DIRECTIONS FOR THIS TASK
Could you write out, exactly, every line from the top of the data through the line holding "for name, color, linetype"? Omit the pictures.

SUPPLIED DATA

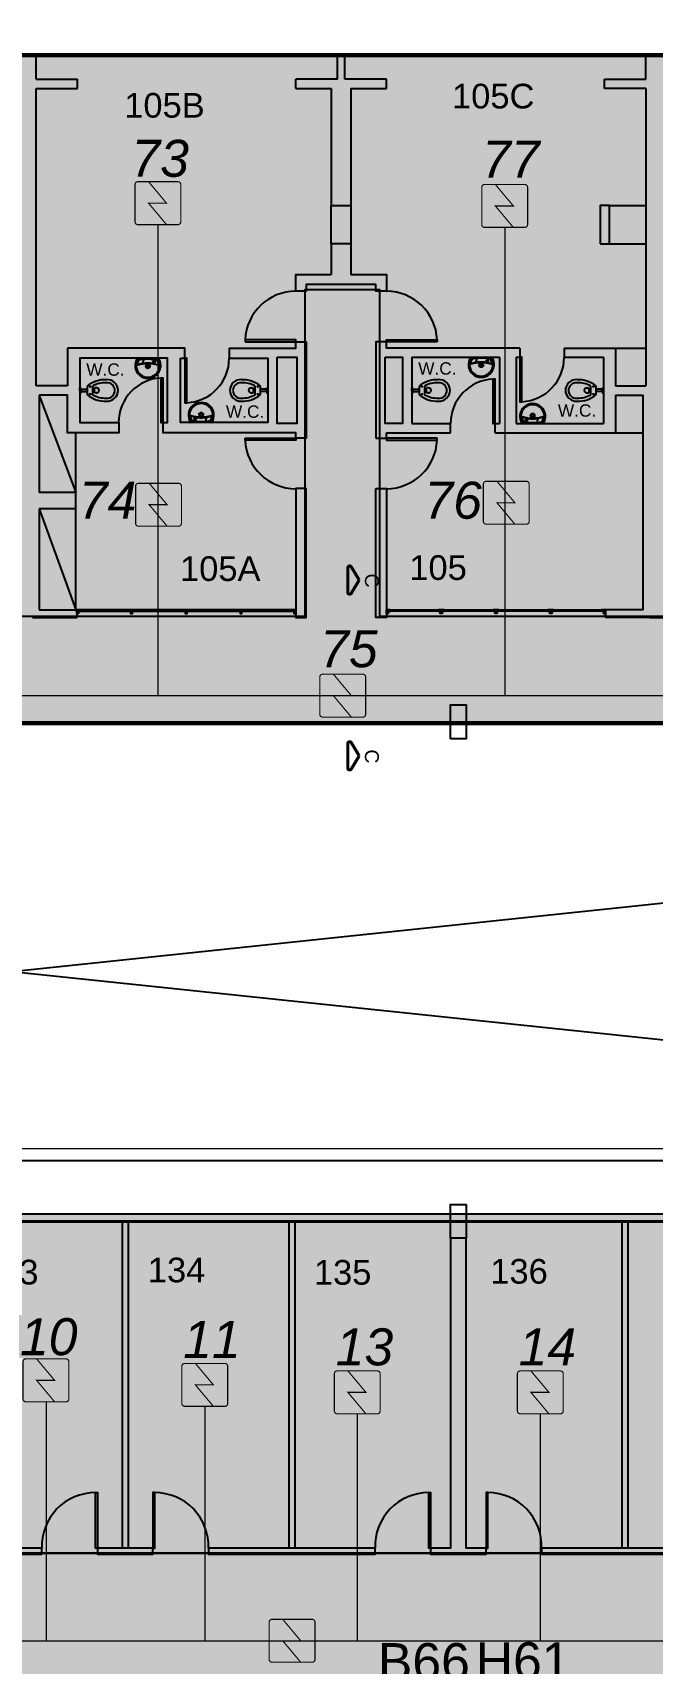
# Model space of a CAD drawing. Header units: metres. Extents: x -331 to 2982, y 362 to 2539.
# Drawn here: x 809.41 to 819.45, y 1588.55 to 1615 of the extents above; entities that cross this region are included whole.
import ezdxf
from ezdxf.enums import TextEntityAlignment as Align

# ---------------------------------------------------------------- set-up
doc = ezdxf.new("R2010")
doc.units = ezdxf.units.M
doc.linetypes.add('DASHDOT', pattern=[1, 0.5, -0.25, 0, -0.25])
doc.layers.get('0').update_dxf_attribs({"color": 251})
doc.layers.add('_corredores', color=251, linetype='Continuous', plot=False)
doc.layers.add('_salas', color=251, linetype='Continuous', plot=False)
for name, color, linetype in [('ALV', 251, 'Continuous'), ('CX', 251, 'Continuous'), ('Det', 251, 'Continuous'), ('DET. FUMAÇA', 1, 'Continuous'), ('Det_Vigas', 251, 'Continuous'), ('Div', 251, 'Continuous'), ('Est', 251, 'Continuous'), ('Mob', 251, 'Continuous'), ('SALAS NOVAS', 7, 'Continuous'), ('Texto_Salas', 251, 'Continuous'), ('vid', 251, 'Continuous')]:
    doc.layers.add(name, color=color, linetype=linetype)
doc.layers.add('Det_Lcorte', color=251, linetype='Continuous', lineweight=20)
doc.styles.add('ARIAL', font='arial.ttf')
doc.styles.add('DESTAQUE', font='arial.ttf', dxfattribs={"height": 0.4})
doc.styles.add('X3G_ENTITY_1416AA8F', font='arial.ttf', dxfattribs={"height": 0.6})
doc.styles.add('X3G_ENTITY_1416AA99', font='arial.ttf', dxfattribs={"height": 0.6})
doc.styles.add('X3G_ENTITY_1416AAC1', font='arial.ttf', dxfattribs={"height": 0.6})
doc.styles.add('X3G_ENTITY_1416AACB', font='arial.ttf', dxfattribs={"height": 0.6})
doc.styles.add('X3G_ENTITY_1416AD4B', font='arial.ttf', dxfattribs={"height": 0.6})
doc.styles.add('X3G_ENTITY_1416AD55', font='arial.ttf', dxfattribs={"height": 0.6})
doc.styles.add('X3G_ENTITY_1416AD5F', font='arial.ttf', dxfattribs={"height": 0.6})
doc.styles.add('X3G_ENTITY_1416AD69', font='arial.ttf', dxfattribs={"height": 0.6})
doc.styles.add('X3G_ENTITY_1416AD73', font='arial.ttf', dxfattribs={"height": 0.6})
doc.styles.add('X3G_ENTITY_1416B605', font='arial.ttf', dxfattribs={"height": 0.6})
doc.styles.add('X3G_ENTITY_14229FC4', font='arial.ttf', dxfattribs={"height": 0.6})

# ---------------------------------------------------------------- blocks, each defined once
blk = doc.blocks.new('Detector de fumaça')
at = {"layer": 'DET. FUMAÇA', "linetype": 'Continuous', "lineweight": 15, "const_width": 0.0187}
blk.add_lwpolyline([(774.599, 539.816), (775.249, 539.816, -0.414214), (775.296, 539.769), (775.296, 539.167, -0.414214), (775.249, 539.12), (774.599, 539.12, -0.414214), (774.553, 539.167), (774.553, 539.769, -0.414214)], format="xyb", close=True, dxfattribs=at)
blk.add_lwpolyline([(774.773, 539.816), (775.064, 539.468), (774.773, 539.468), (775.064, 539.12)], dxfattribs=at)

msp = doc.modelspace()

# ---------------------------------------------------------------- hatches: boundary and pattern name
at = {"layer": '_corredores', "transparency": 33554508}
h = msp.add_hatch(color=256, dxfattribs=at)
h.dxf.hatch_style = 1
h.paths.add_polyline_path([(849.579, 1608.941), (849.579, 1612.216), (852.229, 1612.216), (852.229, 1614.651), (851.629, 1614.651), (851.629, 1624.564), (870.399, 1624.564), (870.399, 1626.4), (870.209, 1626.4), (870.209, 1626.597), (870.023, 1626.784), (866.324, 1626.785), (866.308, 1626.751), (866.204, 1626.834), (865.442, 1627.594), (864.014, 1627.594), (862.586, 1627.594), (861.776, 1626.785), (861.74, 1626.785), (861.736, 1626.784), (861.723, 1626.783), (861.705, 1626.783), (858.111, 1626.785), (857.764, 1626.438), (857.417, 1626.785), (853.824, 1626.785), (853.808, 1626.751), (853.704, 1626.834), (852.942, 1627.594), (851.514, 1627.594), (849.768, 1627.594), (849.768, 1626.834), (849.628, 1626.834), (849.628, 1629.914), (841.254, 1629.914), (841.254, 1628.074), (840.494, 1628.074), (840.494, 1627.116), (840.776, 1626.834), (840.394, 1626.452), (840.062, 1626.785), (836.454, 1626.785), (836.439, 1626.751), (836.334, 1626.834), (835.573, 1627.594), (834.144, 1627.594), (832.716, 1627.594), (831.906, 1626.785), (831.87, 1626.785), (831.867, 1626.784), (831.853, 1626.783), (831.835, 1626.783), (828.241, 1626.785), (827.894, 1626.438), (827.548, 1626.785), (823.954, 1626.785), (823.938, 1626.751), (823.834, 1626.834), (823.072, 1627.594), (821.644, 1627.594), (820.215, 1627.594), (819.405, 1626.785), (819.37, 1626.785), (819.366, 1626.784), (819.353, 1626.783), (819.335, 1626.783), (815.741, 1626.785), (815.394, 1626.438), (815.047, 1626.785), (811.454, 1626.785), (811.438, 1626.751), (811.334, 1626.834), (810.572, 1627.594), (809.144, 1627.594), (807.715, 1627.594), (806.906, 1626.785), (806.87, 1626.785), (806.866, 1626.784), (806.853, 1626.783), (806.835, 1626.783), (803.241, 1626.785), (802.894, 1626.438), (802.547, 1626.785), (798.954, 1626.785), (798.938, 1626.751), (798.834, 1626.834), (798.072, 1627.594), (796.644, 1627.594), (795.215, 1627.594), (794.406, 1626.785), (794.37, 1626.785), (794.366, 1626.784), (794.353, 1626.783), (794.335, 1626.783), (790.741, 1626.785), (790.394, 1626.438), (790.047, 1626.785), (786.454, 1626.785), (786.438, 1626.751), (786.334, 1626.834), (785.572, 1627.594), (784.144, 1627.594), (782.716, 1627.594), (781.906, 1626.785), (781.87, 1626.785), (781.866, 1626.784), (781.853, 1626.783), (781.835, 1626.783), (778.241, 1626.785), (777.894, 1626.438), (777.547, 1626.785), (773.954, 1626.785), (773.938, 1626.751), (773.834, 1626.834), (773.072, 1627.594), (771.644, 1627.594), (770.216, 1627.594), (769.406, 1626.785), (769.37, 1626.785), (769.367, 1626.784), (769.353, 1626.783), (769.335, 1626.783), (765.635, 1626.784), (765.449, 1626.597), (765.449, 1626.4), (765.259, 1626.4), (765.259, 1624.564), (770.104, 1624.564), (770.104, 1614.651), (770.414, 1614.651), (770.414, 1605.531), (765.029, 1605.531), (765.029, 1610.831), (763.829, 1610.831), (763.829, 1605.531), (755.929, 1605.531), (755.929, 1610.831), (754.829, 1610.831), (754.829, 1605.531), (746.079, 1605.531), (746.079, 1601.916), (748.449, 1601.916), (748.449, 1603.616), (748.049, 1603.616), (748.049, 1603.816), (754.474, 1603.816), (754.474, 1603.616), (754.149, 1603.616), (754.149, 1601.916), (754.474, 1601.916), (754.474, 1601.716), (754.474, 1601.191), (757.974, 1601.191), (757.974, 1603.591), (757.974, 1603.791), (768.029, 1603.791), (768.029, 1603.771), (768.834, 1603.771), (768.834, 1595.811), (768.004, 1595.811), (768.004, 1595.791), (762.364, 1595.791), (762.364, 1590.581), (754.174, 1590.581), (754.174, 1593.066), (752.499, 1593.066), (752.499, 1560.541), (752.299, 1560.541), (752.299, 1561.441), (751.199, 1561.441), (751.199, 1558.116), (752.299, 1558.116), (752.299, 1559.116), (752.499, 1559.116), (752.499, 1557.116), (755.419, 1557.116), (755.419, 1558.966), (753.924, 1558.966), (753.924, 1563.441), (754.189, 1563.441), (754.189, 1587.651), (760.824, 1587.651), (760.824, 1587.741), (768.929, 1587.741), (768.929, 1563.841), (770.329, 1563.841), (770.329, 1587.741), (771.929, 1587.741), (773.029, 1587.741), (775.879, 1587.741), (775.879, 1586.641), (777.179, 1586.641), (777.179, 1587.741), (788.779, 1587.741), (788.779, 1586.641), (790.079, 1586.641), (790.079, 1587.741), (802.329, 1587.741), (804.029, 1587.741), (844.979, 1587.741), (844.979, 1587.916), (845.279, 1587.916), (845.279, 1587.563), (845.279, 1563.241), (806.429, 1563.241), (806.429, 1563.441), (806.629, 1563.441), (806.629, 1565.791), (806.229, 1565.791), (806.229, 1585.191), (806.629, 1585.191), (806.629, 1587.541), (803.039, 1587.541), (803.039, 1576.841), (798.689, 1576.841), (796.094, 1576.841, -0.496898), (794.36, 1575.527), (793.559, 1573.063), (798.509, 1571.449), (798.509, 1560.721), (794.829, 1560.721), (794.829, 1560.541), (794.829, 1557.551), (801.129, 1557.551), (801.129, 1556.451), (802.329, 1556.451), (802.329, 1557.551), (805.229, 1557.551), (805.229, 1556.451), (806.429, 1556.451), (806.429, 1560.691), (845.279, 1560.691), (845.279, 1555.997), (846.404, 1555.997), (846.404, 1556.891), (846.054, 1556.891), (846.054, 1556.991), (846.454, 1556.991), (846.454, 1560.691), (849.204, 1560.691), (849.204, 1556.991), (849.604, 1556.991), (849.604, 1556.891), (849.254, 1556.891), (849.254, 1555.997), (850.479, 1555.997), (850.479, 1563.241), (849.579, 1563.241), (849.579, 1572.291), (849.579, 1575.941), (849.579, 1587.563), (849.579, 1588.141), (849.679, 1588.141), (849.679, 1587.991), (866.719, 1587.991), (870.339, 1587.991), (870.339, 1595.791), (866.429, 1595.791), (866.429, 1595.721), (852.429, 1595.721), (852.429, 1590.391), (849.579, 1590.391)])
h.paths.add_polyline_path([(845.139, 1595.841), (845.279, 1595.841), (845.279, 1590.341), (839.679, 1590.341), (775.879, 1590.341), (773.004, 1590.341), (773.004, 1595.811), (771.774, 1595.811), (771.774, 1603.766), (773.119, 1603.766), (773.119, 1603.821), (845.139, 1603.821)], flags=16)
h.paths.add_polyline_path([(846.026, 1605.531), (845.019, 1605.531), (845.019, 1609.931), (845.029, 1610.831), (843.829, 1610.831), (843.829, 1605.531), (835.029, 1605.531), (835.029, 1610.831), (833.829, 1610.831), (833.829, 1605.531), (825.029, 1605.531), (825.029, 1610.831), (823.829, 1610.831), (823.829, 1605.531), (815.029, 1605.531), (815.029, 1610.831), (813.829, 1610.831), (813.829, 1605.531), (805.029, 1605.531), (805.029, 1610.831), (803.829, 1610.831), (803.829, 1605.531), (795.029, 1605.531), (795.029, 1610.831), (793.829, 1610.831), (793.829, 1605.531), (785.029, 1605.531), (785.029, 1610.831), (783.829, 1610.831), (783.829, 1605.531), (775.029, 1605.531), (775.029, 1610.831), (773.999, 1610.831), (773.999, 1605.531), (773.214, 1605.531), (773.214, 1614.651), (773.144, 1614.651), (773.144, 1620.131), (775.164, 1620.131), (775.164, 1622.051), (773.644, 1622.051), (773.644, 1621.631), (773.184, 1621.631), (773.184, 1624.564), (845.949, 1624.563), (845.949, 1621.631), (845.489, 1621.631), (845.489, 1622.051), (843.989, 1622.051), (843.989, 1621.631), (843.969, 1620.131), (845.949, 1620.131), (845.949, 1614.651), (846.026, 1614.651)], flags=16)
h.paths.add_polyline_path([(865.19, 1593.806, -2.788173), (864.407, 1590.628), (864.569, 1590.706), (864.758, 1590.381), (866.058, 1591.278, -0.450063), (866.35, 1592.463), (865.616, 1593.862), (865.298, 1593.662)], flags=16)
h.paths.add_polyline_path([(845.264, 1626.452), (844.882, 1626.834), (845.264, 1627.216), (845.646, 1626.834)], flags=16)
h.paths.add_polyline_path([(851.514, 1626.452), (851.132, 1626.834), (851.514, 1627.216), (851.896, 1626.834)], flags=16)
h.paths.add_polyline_path([(834.144, 1626.452), (833.762, 1626.834), (834.144, 1627.216), (834.526, 1626.834)], flags=16)
h.paths.add_polyline_path([(864.014, 1626.452), (863.632, 1626.834), (864.014, 1627.216), (864.396, 1626.834)], flags=16)
h.paths.add_polyline_path([(821.644, 1626.452), (821.262, 1626.834), (821.644, 1627.216), (822.026, 1626.834)], flags=16)
h.paths.add_polyline_path([(809.526, 1626.834), (809.144, 1626.452), (808.762, 1626.834), (809.144, 1627.216)], flags=16)
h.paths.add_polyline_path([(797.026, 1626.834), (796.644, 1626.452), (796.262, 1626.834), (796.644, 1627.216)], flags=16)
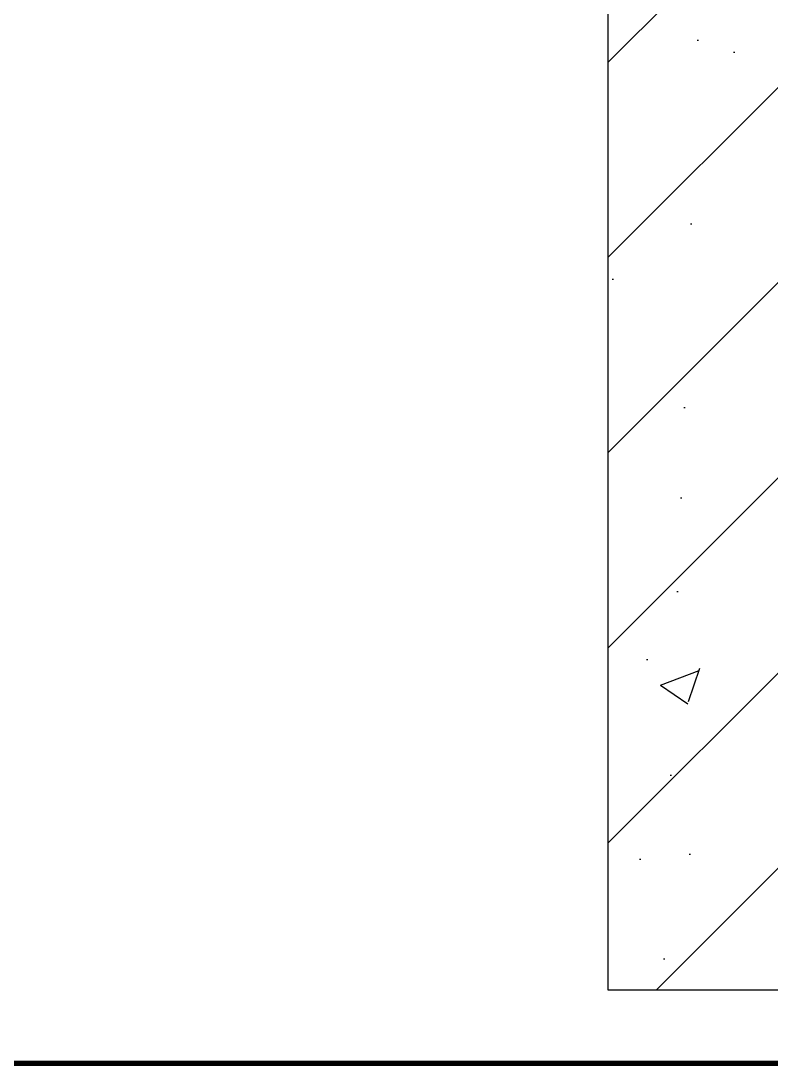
# Model space of a CAD drawing. Extents: x -160106 to 966792, y -663931 to 1550022.
# Drawn here: x -69122 to -68714, y -86196 to -85628 of the extents above; entities that cross this region are included whole.
import ezdxf
from ezdxf.xclip import XClip

# ---------------------------------------------------------------- set-up
doc = ezdxf.new("R2010")
doc.units = 0
doc.linetypes.add('ZN-DASH', pattern=[0.35, 0.25, -0.1])
doc.layers.add('20剖面图$0$AS-COLN', color=6, linetype='Continuous')
doc.layers.add('20剖面图$0$PUB_HATCH', color=8, linetype='Continuous')

# ---------------------------------------------------------------- blocks, each defined once
blk = doc.blocks.new('20250828170426')
at = {"layer": '20剖面图$0$PUB_HATCH'}
h = blk.add_hatch(dxfattribs=at)
h.set_pattern_fill('钢筋混凝土', color=256, scale=30, style=0)
h.set_pattern_definition([(45, (1530822.114280318, -568207.4520265325), (-53.03300858899107, 53.03300858899107), []), (49.99999999999999, (1530822.114280318, -568207.4520265325), (215.178054780226, -18.82564049477853), [22.5, -247.5]), (355, (1530822.114280318, -568207.4520265325), (-41.6254000839, 225.6576401100035), [18, -198]), (100.4514, (1530840.045784318, -568209.0208285325), (173.5528145142065, 206.8318626182861), [19.122057, -210.3426336]), (46.18420000000001, (1530822.114280318, -568147.4520265325), (320.1723145876933, -49.65570429870542), [33.75, -371.25]), (96.6356, (1530848.795303818, -568151.5900186324), (280.398811664611, 292.2353612701325), [28.6830864, -315.5139]), (351.1842, (1530822.114280318, -568147.4520265325), (280.3985835400882, 292.2355802775974), [27, -297]), (21, (1530852.114280318, -568162.4520265325), (179.0721156355385, -120.7856671996016), [22.5, -247.5]), (326.0000000000001, (1530852.114280318, -568162.4520265325), (72.99459957647451, 217.5450135140559), [18, -198]), (71.4514, (1530867.036950218, -568172.5175083324), (252.066788574447, 96.75914901298572), [19.122057, -210.3426336]), (37.50000000000001, (1530822.114280318, -568207.4520265325), (3.647956595187201, 99.86815614939344), [0, -195.6, 0, -201, 0, -198.75]), (7.499999999999999, (1530822.114280318, -568207.4520265325), (78.92086123264458, 118.3235135647081), [0, -114.6, 0, -191.1, 0, -75.75]), (327.5, (1530755.214280318, -568207.4520265325), (160.1467308517227, -6.766461520313927), [0, -75, 0, -234, 0, -310.5]), (317.5, (1530725.214280318, -568207.4520265325), (174.9558508027159, 30.03149469969532), [0, -97.5, 0, -155.4, 0, -220.5])])
h.paths.add_polyline_path([(-799.9999850813765, 11800.00000024168), (-499.999985079281, 11800.00000024168), (-499.9999850301538, 12549.9999965796), (-799.9999850301538, 12549.9999965796)])
at = {"color": 4, "linetype": 'ZN-DASH', "ltscale": 30, "const_width": 3}
blk.add_lwpolyline([(-344.400001891001, 11773.46876719811), (-344.400001891001, 11760.00000003552), (-1926.314065458922, 11760.00000003552)], dxfattribs=at)
at = {"layer": '20剖面图$0$AS-COLN'}
for p, q in [((-799.9999849181622, 12429.99999999546), (-799.9999850813765, 11800.00000024168)), ((-799.9999850813765, 11800.00000024168), (-499.999985079281, 11800.00000024168))]:
    blk.add_line(p, q, dxfattribs=at)

msp = doc.modelspace()

# ---------------------------------------------------------------- block references
at = {"ltscale": 40}
ref = msp.add_blockref('20250828170426', (-68002.60082986366, -97954.0795399237), dxfattribs=at)
XClip(ref).set_block_clipping_path([(-1183.6332781368037, 11336.729218116532), (77.2482194211334, 13367.086245385595)])

doc.saveas('drawing.dxf')

WRITTEN ANSWER
# Model space of a CAD drawing. Header units: metres. Extents: x -331 to 2982, y 362 to 2539.
# Drawn here: x 809.41 to 819.45, y 1588.55 to 1615 of the extents above; entities that cross this region are included whole.
import ezdxf
from ezdxf.enums import TextEntityAlignment as Align

# ---------------------------------------------------------------- set-up
doc = ezdxf.new("R2010")
doc.units = ezdxf.units.M
doc.linetypes.add('DASHDOT', pattern=[1, 0.5, -0.25, 0, -0.25])
doc.layers.get('0').update_dxf_attribs({"color": 251})
doc.layers.add('_corredores', color=251, linetype='Continuous', plot=False)
doc.layers.add('_salas', color=251, linetype='Continuous', plot=False)
for name, color, linetype in [('ALV', 251, 'Continuous'), ('CX', 251, 'Continuous'), ('Det', 251, 'Continuous'), ('DET. FUMAÇA', 1, 'Continuous'), ('Det_Vigas', 251, 'Continuous'), ('Div', 251, 'Continuous'), ('Est', 251, 'Continuous'), ('Mob', 251, 'Continuous'), ('SALAS NOVAS', 7, 'Continuous'), ('Texto_Salas', 251, 'Continuous'), ('vid', 251, 'Continuous')]:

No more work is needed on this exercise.